_Work request_
Restate word for word the opening line of the data below and every line after it until the line with "Appearance: Default", that line too, but not the pictures.

_Extracted data_
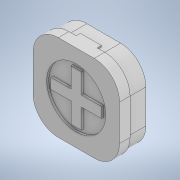
# Autodesk Inventor part: Health-Item-Pack
Saved by Autodesk Inventor 2020 (Build 240168000, 168)
## iProperties
Created: 2019-09-14
Part Number: Health-Item-Pack
Material: Generic
Document SubType Name: Modeling
Designer: Victor
Density: 1 g/cm^3
Appearance: Default
Author: Victor
Autodesk Inventor part; units mm, degrees
ref_plane "YZ Plane" through (0, 0, 0) normal (1, 0, 0) x (0, 1, 0)
ref_plane "XZ Plane" through (0, 0, 0) normal (0, 1, 0) x (-1, 0, 0)
ref_plane "XY Plane" through (0, 0, 0) normal (0, 0, 1) x (1, 0, 0)
sketch "Sketch1" plane through (0, 0, 0) normal (0, 0, 1) x (1, 0, 0)
  line L0 (-10, -10) -> (10, -10)
  line L1 (10, -10) -> (10, 10)
  line L2 (10, 10) -> (-10, 10)
  line L3 (-10, 10) -> (-10, -10)
  line L4 (-10, -10) -> (10, 10) construction
  line L5 (10, -10) -> (-10, 10) construction
  point P0 (0, 0)
  dimension "d0" = 20
  dimension "d1" = 20
  constraints: 12 end point, 2 midpoint, 2 parallel, 1 horizontal, 1 perpendicular
  measures "d0" distance of L1.end L2.end
  measures "d1" distance of L0.end L1.end
extrude "Extrusion1" add sketch "Sketch1" along normal blind 4
sketch "Sketch2" plane through (0, 0, 4) normal (0, 0, 1) x (1, 0, 0)
  line L0 (-10.25, 10.25) -> (10.25, 10.25)
  line L1 (10.25, 10.25) -> (10.25, -10.25)
  line L2 (10.25, -10.25) -> (-10.25, -10.25)
  line L3 (-10.25, -10.25) -> (-10.25, 10.25)
  line L4 (-10.25, 10.25) -> (10.25, -10.25) construction
  line L5 (10.25, 10.25) -> (-10.25, -10.25) construction
  point P0 (0, 0)
  dimension "d4" = 20.5
  dimension "d5" = 20.5
  constraints: 12 end point, 2 midpoint, 2 parallel, 1 horizontal, 1 perpendicular
  measures "d4" distance of L1.end L2.end
  measures "d5" distance of L0.end L1.end
extrude "Extrusion2" add sketch "Sketch2" along normal blind 2.5
fillet "Fillet1" radius 6 8 edges at (-10, 10, 2) (10, 10, 2) (-10, -10, 2) (-10.25, -10.25, 5.25) (-10.25, 10.25, 5.25) (10.25, 10.25, 5.25) (10, -10, 2) (10.25, -10.25, 5.25)
sketch "Sketch3" plane through (0, 0, 4) normal (0, 0, -1) x (-1, 0, 0)
  line L0 (-4.25, 10.25) -> (4.25, 10.25) projected
  line L1 (2.5, 9.75) -> (-2.5, 9.75)
  line L2 (-2.5, 9.75) -> (-2.5, 10.25)
  line L3 (-2.5, 10.25) -> (2.5, 10.25)
  line L4 (2.5, 10.25) -> (2.5, 9.75)
  line L5 (-4, 10) -> (4, 10) projected
  line L6 (2.5, 9.75) -> (-2.5, 10.25) construction
  line L7 (-2.5, 9.75) -> (2.5, 10.25) construction
  point P0 (0, 0)
  point P1 (0, 10)
  dimension "d9" = 5
  constraints: 12 end point, 3 midpoint, 2 parallel, 1 horizontal, 1 perpendicular, 1 point on line
  measures "d9" distance of L2.end L3.end
extrude "Extrusion3" add sketch "Sketch3" along normal blind 1
sketch "Sketch4" plane through (0, 0, 6.5) normal (0, 0, 1) x (1, 0, 0)
  circle A0 centre (0, 0) radius 7
  line L0 (-6, -1.25) -> (6, -1.25)
  line L1 (6, -1.25) -> (6, 1.25)
  line L2 (6, 1.25) -> (-6, 1.25)
  line L3 (-6, 1.25) -> (-6, -1.25)
  line L4 (-6, -1.25) -> (6, 1.25) construction
  line L5 (6, -1.25) -> (-6, 1.25) construction
  line L6 (1.25, -6) -> (-1.25, -6)
  line L7 (-1.25, -6) -> (-1.25, 6)
  line L8 (-1.25, 6) -> (1.25, 6)
  line L9 (1.25, 6) -> (1.25, -6)
  line L10 (1.25, -6) -> (-1.25, 6) construction
  line L11 (-1.25, -6) -> (1.25, 6) construction
  point P0 (-1.25, 1.25)
  point P1 (1.25, 1.25)
  point P2 (1.25, -1.25)
  point P3 (-1.25, -1.25)
  dimension "d12" = 14
  dimension "d13" = 12
  dimension "d14" = 2.5
  dimension "d15" = 2.5
  dimension "d16" = 12
  constraints: 24 end point, 4 midpoint, 4 parallel, 2 horizontal, 2 perpendicular, 1 centre point, 1 coincident
  measures "d12" diameter of A0
  measures "d13" distance of L2.end L1.end
  measures "d14" distance of L1.end L0.end
  measures "d15" distance of L7.end L8.end
  measures "d16" distance of L6.end L7.end
extrude "Extrusion4" cut sketch "Sketch4" against normal blind 0.5
equation "\"d1\" = d0"
equation "\"d5\" = d4"
body "Solid1"

_Task solution_
# Autodesk Inventor part: Health-Item-Pack
Saved by Autodesk Inventor 2020 (Build 240168000, 168)
## iProperties
Created: 2019-09-14
Part Number: Health-Item-Pack
Material: Generic
Document SubType Name: Modeling
Designer: Victor
Density: 1 g/cm^3
Appearance: Default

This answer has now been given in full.